# Records contained in a dataset

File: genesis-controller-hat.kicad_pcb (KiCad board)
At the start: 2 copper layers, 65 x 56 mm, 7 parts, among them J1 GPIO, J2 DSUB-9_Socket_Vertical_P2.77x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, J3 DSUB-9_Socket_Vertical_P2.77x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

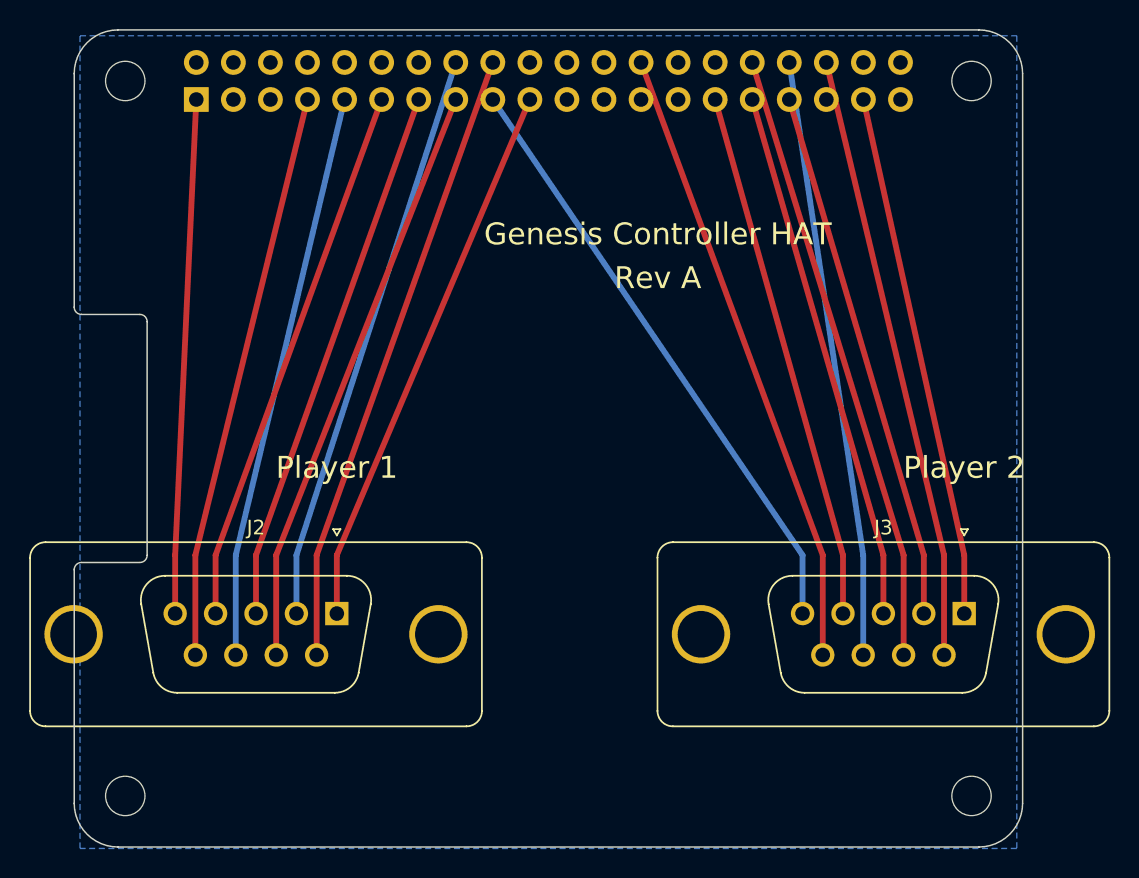
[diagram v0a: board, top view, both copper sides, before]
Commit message: Move J2/J3 inward so all 4 DSUB mounting holes sit fully on the board
J2's left mounting hole and J3's right mounting hole previously fell
partially/fully off the board edge (J2's left hole was bisected by the
edge; J3's right hole was entirely off-board). Moved J2 +3mm and J3 -6mm
so all 4 holes now sit fully on the board with ~1mm clearance to the edge,
leaving ~2mm clearance between the two connector shells. Re-routed both
connectors' traces to match (same breakout-and-diagonal technique as the
pin reassignment), still achieving 0 tracks_crossing / 0 hole_clearance /
0 copper_edge_clearance. Shifted the "Player 1"/"Player 2" silkscreen
labels to stay centered under their connectors.

DRC: 15 errors/7 warnings (was 15/6) — one more shorting_items and one
more silk_edge_clearance, both in the same pre-existing cosmetic/pad-graze
categories already documented as needing a manual GUI touch-up pass before
fabrication. ERC unaffected (0/0); schematic wiring is untouched by this
PCB-only change.

Co-Authored-By: Claude Sonnet 5 <noreply@anthropic.com>
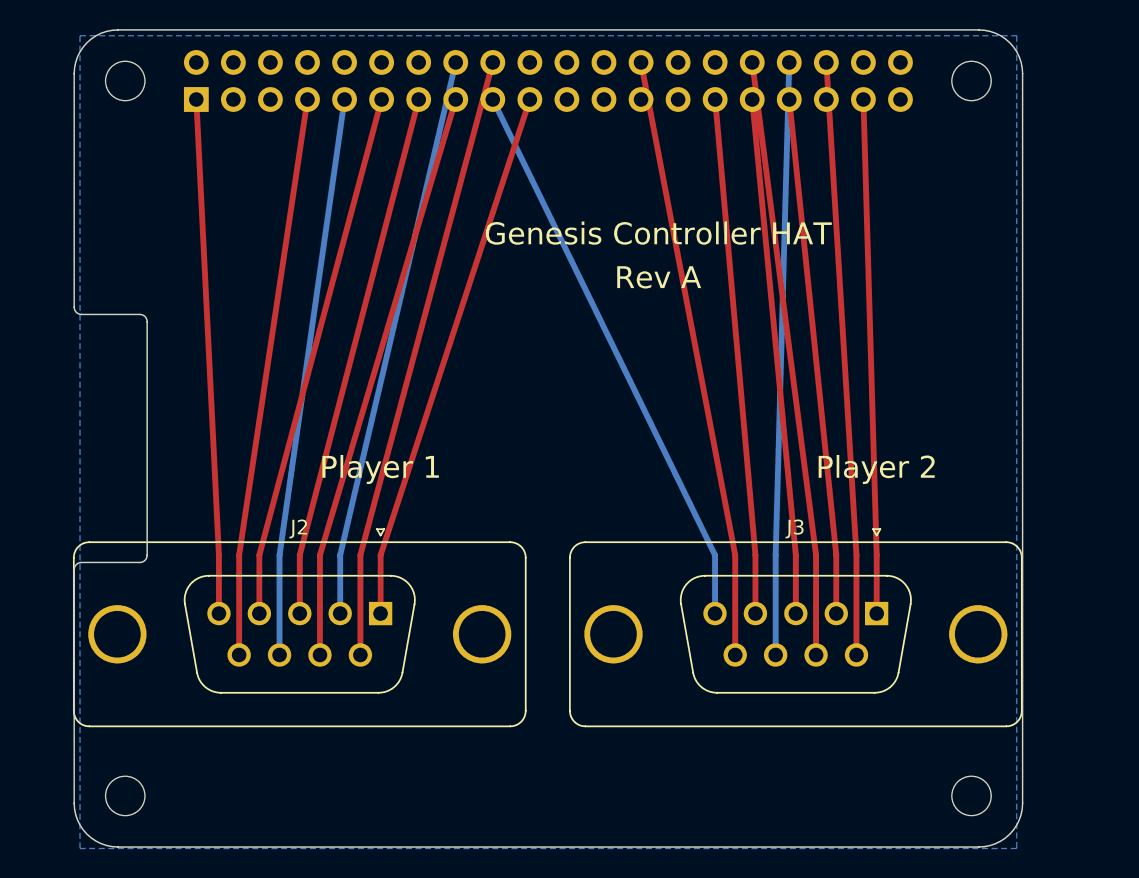
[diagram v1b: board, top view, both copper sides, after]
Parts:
- moved J3 6.00 mm to (155.0, 84.0)
- moved J2 3.00 mm to (121.0, 84.0)
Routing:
- net +3V3: track 77.0 -> 74.0 mm
- net /GPIO7/SPI0.CE1: track 42.8 -> 41.2 mm
- net /GPIO12/PWM0: track 42.2 -> 40.9 mm
- net /GPIO13/PWM1: track 36.6 -> 35.4 mm
- net /GPIO6: track 36.5 -> 35.4 mm
- net /GPIO5: track 36.4 -> 35.4 mm
- net /GPIO10/SPI0.MOSI: track 37.9 -> 36.9 mm
- net /GPIO22: track 40.4 -> 39.4 mm
- net GND: track 79.9 -> 79.0 mm
- net /GPIO17: track 37.2 -> 36.3 mm
- net /GPIO24: track 42.7 -> 41.8 mm
- net /GPIO16: track 41.6 -> 40.7 mm
- net /GPIO27: track 37.2 -> 36.3 mm
- net /GPIO23: track 39.5 -> 38.7 mm
- net /GPIO26: track 36.0 -> 35.2 mm
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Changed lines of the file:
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@@
 	(footprint "DSUB-9_Socket_Vertical_P2.77x2.84mm_MountingHoles"
 		(layer "F.Cu")
-		(at 118 84)
+		(at 121 84)
 		(descr "9-pin D-Sub connector, straight/vertical, THT-mount, socket (female), pitch 2.77x2.84mm, distance of mounting holes 25mm, see https://disti-assets.s3.amazonaws.com/tonar/files/datasheets/16730.pdf")
 		(tags "9-pin D-Sub connector straight vertical THT socket pitch 2.77x2.84mm mounting holes distance 25mm")
@@
 	(footprint "DSUB-9_Socket_Vertical_P2.77x2.84mm_MountingHoles"
 		(layer "F.Cu")
-		(at 161 84)
+		(at 155 84)
 		(descr "9-pin D-Sub connector, straight/vertical, THT-mount, socket (female), pitch 2.77x2.84mm, distance of mounting holes 25mm, see https://disti-assets.s3.amazonaws.com/tonar/files/datasheets/16730.pdf")
 		(tags "9-pin D-Sub connector straight vertical THT socket pitch 2.77x2.84mm mounting holes distance 25mm")
@@
 	)
 	(gr_text "Player 1"
-		(at 118 74 0)
+		(at 121.0 74 0)
 		(layer "F.SilkS")
 		(effects
@@
 	)
 	(gr_text "Player 2"
-		(at 161 74 0)
+		(at 155.0 74 0)
 		(layer "F.SilkS")
 		(effects
@@
 	)
 	(segment
-		(start 111.075 80)
-		(end 118.53 48.77)
+		(start 148.075 86.84)
+		(end 148.075 80)
 		(width 0.4)
 		(layer "B.Cu")
@@
 	)
 	(segment
-		(start 154.075 86.84)
-		(end 154.075 80)
+		(start 114.075 86.84)
+		(end 114.075 80)
 		(width 0.4)
 		(layer "B.Cu")
@@
 	)
 	(segment
-		(start 154.075 80)
+		(start 148.075 80)
 		(end 149.01 46.23)
 		(width 0.4)
@@
 	)
 	(segment
-		(start 111.075 86.84)
-		(end 111.075 80)
+		(start 114.075 80)
+		(end 118.53 48.77)
 		(width 0.4)
 		(layer "B.Cu")
@@
 	)
 	(segment
-		(start 108.305 86.84)
-		(end 108.305 80)
+		(start 111.305 80)
+		(end 115.99 48.77)
 		(width 0.4)
 		(layer "F.Cu")
@@
 	)
 	(segment
-		(start 108.305 80)
-		(end 115.99 48.77)
+		(start 111.305 86.84)
+		(end 111.305 80)
 		(width 0.4)
 		(layer "F.Cu")
@@
 	)
 	(segment
-		(start 109.69 80)
+		(start 112.69 80)
 		(end 121.07 48.77)
 		(width 0.4)
@@
 	)
 	(segment
-		(start 109.69 84)
-		(end 109.69 80)
+		(start 112.69 84)
+		(end 112.69 80)
 		(width 0.4)
 		(layer "F.Cu")
@@
 	)
 	(segment
-		(start 112.46 84)
-		(end 112.46 80)
+		(start 115.46 80)
+		(end 123.61 48.77)
 		(width 0.4)
 		(layer "F.Cu")
@@
 	)
 	(segment
-		(start 112.46 80)
-		(end 123.61 48.77)
+		(start 115.46 84)
+		(end 115.46 80)
 		(width 0.4)
 		(layer "F.Cu")
@@
 	)
 	(segment
-		(start 113.845 80)
+		(start 116.845 86.84)
+		(end 116.845 80)
+		(width 0.4)
+		(layer "F.Cu")
+		(net 10)
+	)
+	(segment
+		(start 116.845 80)
 		(end 126.15 48.77)
 		(width 0.4)
@@
 	)
 	(segment
-		(start 113.845 86.84)
-		(end 113.845 80)
-		(width 0.4)
-		(layer "F.Cu")
-		(net 10)
-	)
-	(segment
-		(start 115.23 80)
-		(end 126.15 46.23)
+		(start 118.23 84)
+		(end 118.23 80)
 		(width 0.4)
 		(layer "B.Cu")
@@
 	)
 	(segment
-		(start 115.23 84)
-		(end 115.23 80)
+		(start 118.23 80)
+		(end 126.15 46.23)
 		(width 0.4)
 		(layer "B.Cu")
@@
 	)
 	(segment
-		(start 116.615 86.84)
-		(end 116.615 80)
+		(start 119.615 86.84)
+		(end 119.615 80)
 		(width 0.4)
 		(layer "F.Cu")
@@
 	)
 	(segment
-		(start 116.615 80)
+		(start 119.615 80)
 		(end 128.69 46.23)
 		(width 0.4)
@@
 	)
 	(segment
-		(start 118 84)
-		(end 118 80)
+		(start 121 84)
+		(end 121 80)
 		(width 0.4)
 		(layer "F.Cu")
@@
 	)
 	(segment
-		(start 118 80)
+		(start 121 80)
 		(end 131.23 48.77)
 		(width 0.4)
@@
 	)
 	(segment
-		(start 151.305 80)
+		(start 145.305 80)
 		(end 138.85 46.23)
 		(width 0.4)
@@
 	)
 	(segment
-		(start 151.305 86.84)
-		(end 151.305 80)
+		(start 145.305 86.84)
+		(end 145.305 80)
 		(width 0.4)
 		(layer "F.Cu")
@@
 	)
 	(segment
-		(start 152.69 80)
+		(start 146.69 84)
+		(end 146.69 80)
+		(width 0.4)
+		(layer "F.Cu")
+		(net 21)
+	)
+	(segment
+		(start 146.69 80)
 		(end 143.93 48.77)
 		(width 0.4)
@@
 	)
 	(segment
-		(start 152.69 84)
-		(end 152.69 80)
-		(width 0.4)
-		(layer "F.Cu")
-		(net 21)
-	)
-	(segment
-		(start 155.46 80)
+		(start 149.46 80)
 		(end 146.47 48.77)
 		(width 0.4)
@@
 	)
 	(segment
-		(start 155.46 84)
-		(end 155.46 80)
+		(start 149.46 84)
+		(end 149.46 80)
 		(width 0.4)
 		(layer "F.Cu")
@@
 	)
 	(segment
-		(start 156.845 86.84)
-		(end 156.845 80)
+		(start 150.845 86.84)
+		(end 150.845 80)
 		(width 0.4)
 		(layer "F.Cu")
@@
 	)
 	(segment
-		(start 156.845 80)
+		(start 150.845 80)
 		(end 146.47 46.23)
 		(width 0.4)
@@
 	)
 	(segment
-		(start 158.23 80)
+		(start 152.23 80)
 		(end 149.01 48.77)
 		(width 0.4)
@@
 	)
 	(segment
-		(start 158.23 84)
-		(end 158.23 80)
+		(start 152.23 84)
+		(end 152.23 80)
 		(width 0.4)
 		(layer "F.Cu")
@@
 	)
 	(segment
-		(start 159.615 86.84)
-		(end 159.615 80)
+		(start 153.615 80)
+		(end 151.55 46.23)
 		(width 0.4)
 		(layer "F.Cu")
@@
 	)
 	(segment
-		(start 159.615 80)
-		(end 151.55 46.23)
+		(start 153.615 86.84)
+		(end 153.615 80)
 		(width 0.4)
 		(layer "F.Cu")
@@
 	)
 	(segment
-		(start 161 80)
+		(start 155 80)
 		(end 154.09 48.77)
 		(width 0.4)
@@
 	)
 	(segment
-		(start 161 84)
-		(end 161 80)
+		(start 155 84)
+		(end 155 80)
 		(width 0.4)
 		(layer "F.Cu")
@@
 	)
 	(segment
-		(start 106.92 80)
+		(start 109.92 84)
+		(end 109.92 80)
+		(width 0.4)
+		(layer "F.Cu")
+		(net 31)
+	)
+	(segment
+		(start 109.92 80)
 		(end 108.37 48.77)
 		(width 0.4)
@@
 	)
 	(segment
-		(start 106.92 84)
-		(end 106.92 80)
-		(width 0.4)
-		(layer "F.Cu")
-		(net 31)
-	)
-	(segment
-		(start 149.92 80)
-		(end 128.69 48.77)
+		(start 143.92 84)
+		(end 143.92 80)
 		(width 0.4)
 		(layer "B.Cu")
@@
 	)
 	(segment
-		(start 149.92 84)
-		(end 149.92 80)
+		(start 143.92 80)
+		(end 128.69 48.77)
 		(width 0.4)
 		(layer "B.Cu")
@@
 		(polygon
 			(pts
-				(xy 100.4 44.4) (xy 164.6 44.4) (xy 164.6 100.1) (xy 100.4 100.1)
-			)
-		)
+				(xy 100.4 44.4)
+				(xy 164.6 44.4)
+				(xy 164.6 100.1)
+				(xy 100.4 100.1)
+			)
+		)

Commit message: Switch J2/J3 to edge-mount DSUB footprint for edge-accessible cables
The previous DSUB-9_Socket_Vertical footprint has its mating opening
facing straight up, away from the board surface -- cables would plug in
from directly above the HAT, not from its edge. Switched to
DSUB-9_Socket_Horizontal_..._EdgePinOffset7.70mm_Housed_MountingHolesOffset9.12mm,
which hangs the connector's shell 9.12mm past the board's bottom edge so
cables plug in horizontally, console-style. Same pin/mounting-hole family
and X footprint as before, so the existing connector X-positions and
routing approach carry over; only the Y position and pin-to-J1 routing
were recomputed.

Known trade-off: the edge-mount connector's mounting bracket is 30.85mm
wide, and the board's corner mounting holes are only 58mm apart -- there is
no position that clears both each other and both corner holes
simultaneously. Prioritized J2/J3 not overlapping each other (the
alternative would make the parts unpopulatable) over full corner-hole
clearance, leaving 2 courtyards_overlap violations (J2 vs MH3, J3 vs MH4).
This is a real mechanical conflict to resolve before fabrication (documented
in README.md), not a routing artifact.

DRC: 17 errors/5 warnings (was 15/7) -- the 2 new courtyards_overlap plus
the pre-existing/cosmetic categories already documented. ERC unaffected
(0/0); schematic wiring is untouched by this PCB-only change.

Co-Authored-By: Claude Sonnet 5 <noreply@anthropic.com>
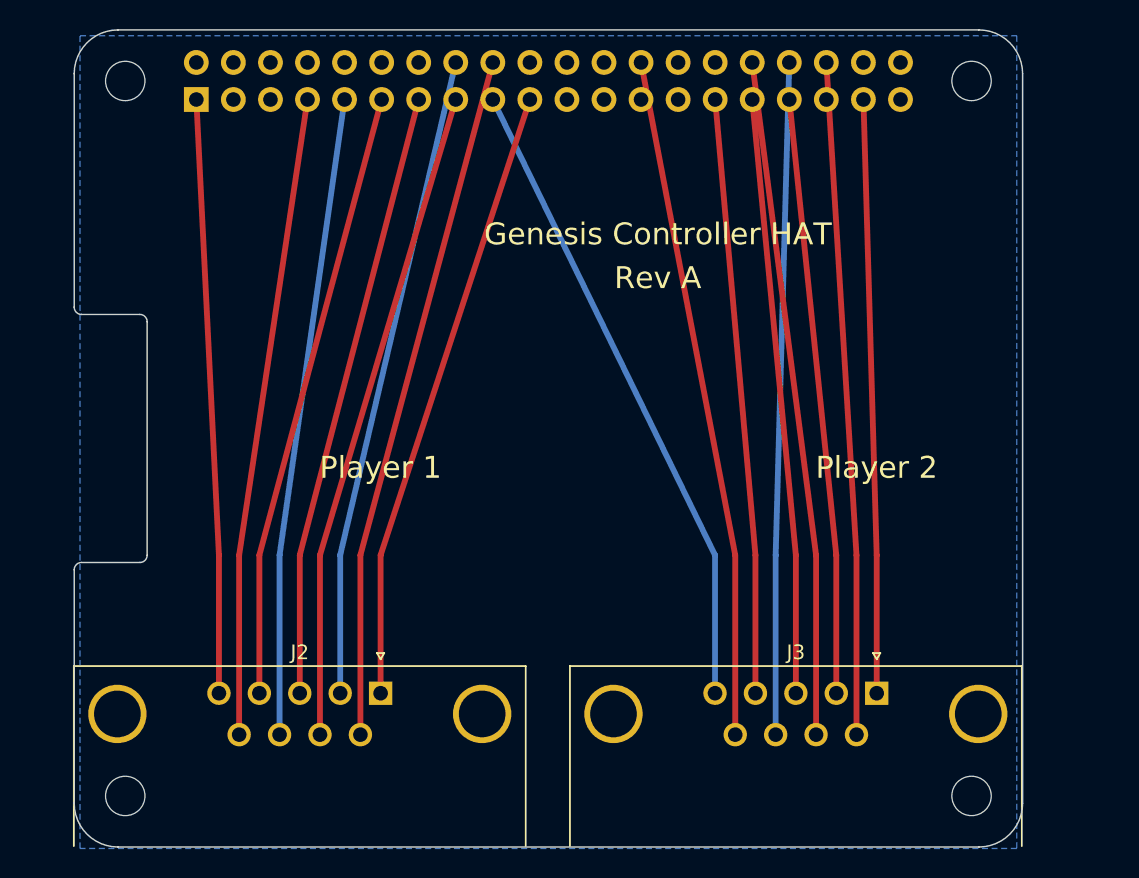
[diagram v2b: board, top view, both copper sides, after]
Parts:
- J2, J3: value DSUB-9_Socket_Vertical_P2.77x2.84mm_MountingHoles -> DSUB-9_Socket_Horizontal_P2.77x2.84mm_EdgePinOffset7.70mm_Housed_MountingHolesOffset9.12mm; footprint DSUB-9_Socket_Vertical_P2.77x2.84mm_MountingHoles -> DSUB-9_Socket_Horizontal_P2.77x2.84mm_EdgePinOffset7.70mm_Housed_MountingHolesOffset9.12mm
- moved J2 5.46 mm to (121.0, 89.5)
- moved J3 5.46 mm to (155.0, 89.5)
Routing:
- net GND: track 79.0 -> 89.9 mm
- net +3V3: track 74.0 -> 84.9 mm
- net /GPIO7/SPI0.CE1: track 41.2 -> 46.7 mm
- net /GPIO6: track 35.4 -> 40.8 mm
- net /GPIO5: track 35.4 -> 40.8 mm
- net /GPIO4/GPCLK0: track 38.4 -> 43.9 mm
- net /GPIO27: track 36.3 -> 41.7 mm
- net /GPIO26: track 35.2 -> 40.7 mm
- net /GPIO24: track 41.8 -> 47.3 mm
- net /GPIO23: track 38.7 -> 44.1 mm
- net /GPIO22: track 39.4 -> 44.9 mm
- net /GPIO17: track 36.3 -> 41.8 mm
- net /GPIO16: track 40.7 -> 46.1 mm
- net /GPIO13/PWM1: track 35.4 -> 40.9 mm
- net /GPIO12/PWM0: track 40.9 -> 46.4 mm
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
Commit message: Add Bare-Metal Genesis wordmark logo to board silkscreen
Replaces the plain "Genesis Controller HAT" title text with the wordmark
logo from design_files/Bare-metal Sega Genesis-handoff.zip
(project/kicad/bmg-logo-wordmark.svg). The source SVG is entirely
axis-aligned rects (pixel-art style), so it converts directly to 153
filled gr_rect silkscreen shapes on F.Silkscreen at 1:1 fidelity, no
tracing/vectorization needed. Sized 48mm wide (~14mm tall) and centered in
the open area between J1 and the DB9 connectors; "Rev A" nudged down
slightly to stay clear of it.

ERC/DRC unaffected (silkscreen doesn't need clearance from the copper
traces it visually sits over). Added design_files/ to the repo for
provenance.

Co-Authored-By: Claude Sonnet 5 <noreply@anthropic.com>
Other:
- board text removed: "Genesis Controller HAT"

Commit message: Add back "Controller HAT" text, in line with "Rev A"
Restores the "Controller HAT" part of the old title text (dropped when the
wordmark logo replaced "Genesis Controller HAT"), placed on the same line
as "Rev A" just below the logo. Both centered as a pair under the logo,
clear of the logo above and the Player 1/Player 2 labels below.

ERC/DRC unaffected (0 errors/2 warnings, 17/5 -- same as before).

Co-Authored-By: Claude Sonnet 5 <noreply@anthropic.com>
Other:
- board text added: "Controller HAT"
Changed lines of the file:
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@@
+		)
+	)
+	(gr_text "Controller HAT"
+		(at 127.69 70.5 0)
+		(layer "F.SilkS")
+		(effects
+			(font
+				(size 1.5 1.5)
+			)
 		)
 	)
 	(gr_text "Rev A"
-		(at 140 70.5 0)
+		(at 143.27 70.5 0)
 		(layer "F.SilkS")
 		(effects

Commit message: Add repo URL and build date to back silkscreen
Front silkscreen was already full (logo, title, port labels), so the repo
URL (github.com/mjaydedecker/Bare-Metal-Sega-Genesis-Hat) and a "Jul 2026"
build date go on B.Silkscreen instead. Set SetMirrored(True) on both --
without it, back-layer text renders backwards once the board is physically
flipped over (confirmed by rendering --side bottom before and after).

ERC/DRC unaffected (0 errors/2 warnings, 17/5 -- same as before).

Co-Authored-By: Claude Sonnet 5 <noreply@anthropic.com>
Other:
- board text added: "Jul 2026"
- board text added: "github.com/mjaydedecker/Bare-Metal-Sega-Genesis-Hat"
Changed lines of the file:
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@@
+		)
+	)
+	(gr_text "github.com/mjaydedecker/Bare-Metal-Sega-Genesis-Hat"
+		(at 132.5 60 0)
+		(layer "B.SilkS")
+		(effects
+			(font
+				(size 1 1)
+			)
+			(justify mirror)
+		)
+	)
+	(gr_text "Jul 2026"
+		(at 132.5 65 0)
+		(layer "B.SilkS")
+		(effects
+			(font
+				(size 1.5 1.5)
+			)
+			(justify mirror)
 		)
 	)

# ASSIGNMENT
From the entries, copy every line in which the word "wide" occurs.

# ANSWER BOX
wide, and the board's corner mounting holes are only 58mm apart -- there is
tracing/vectorization needed. Sized 48mm wide (~14mm tall) and centered in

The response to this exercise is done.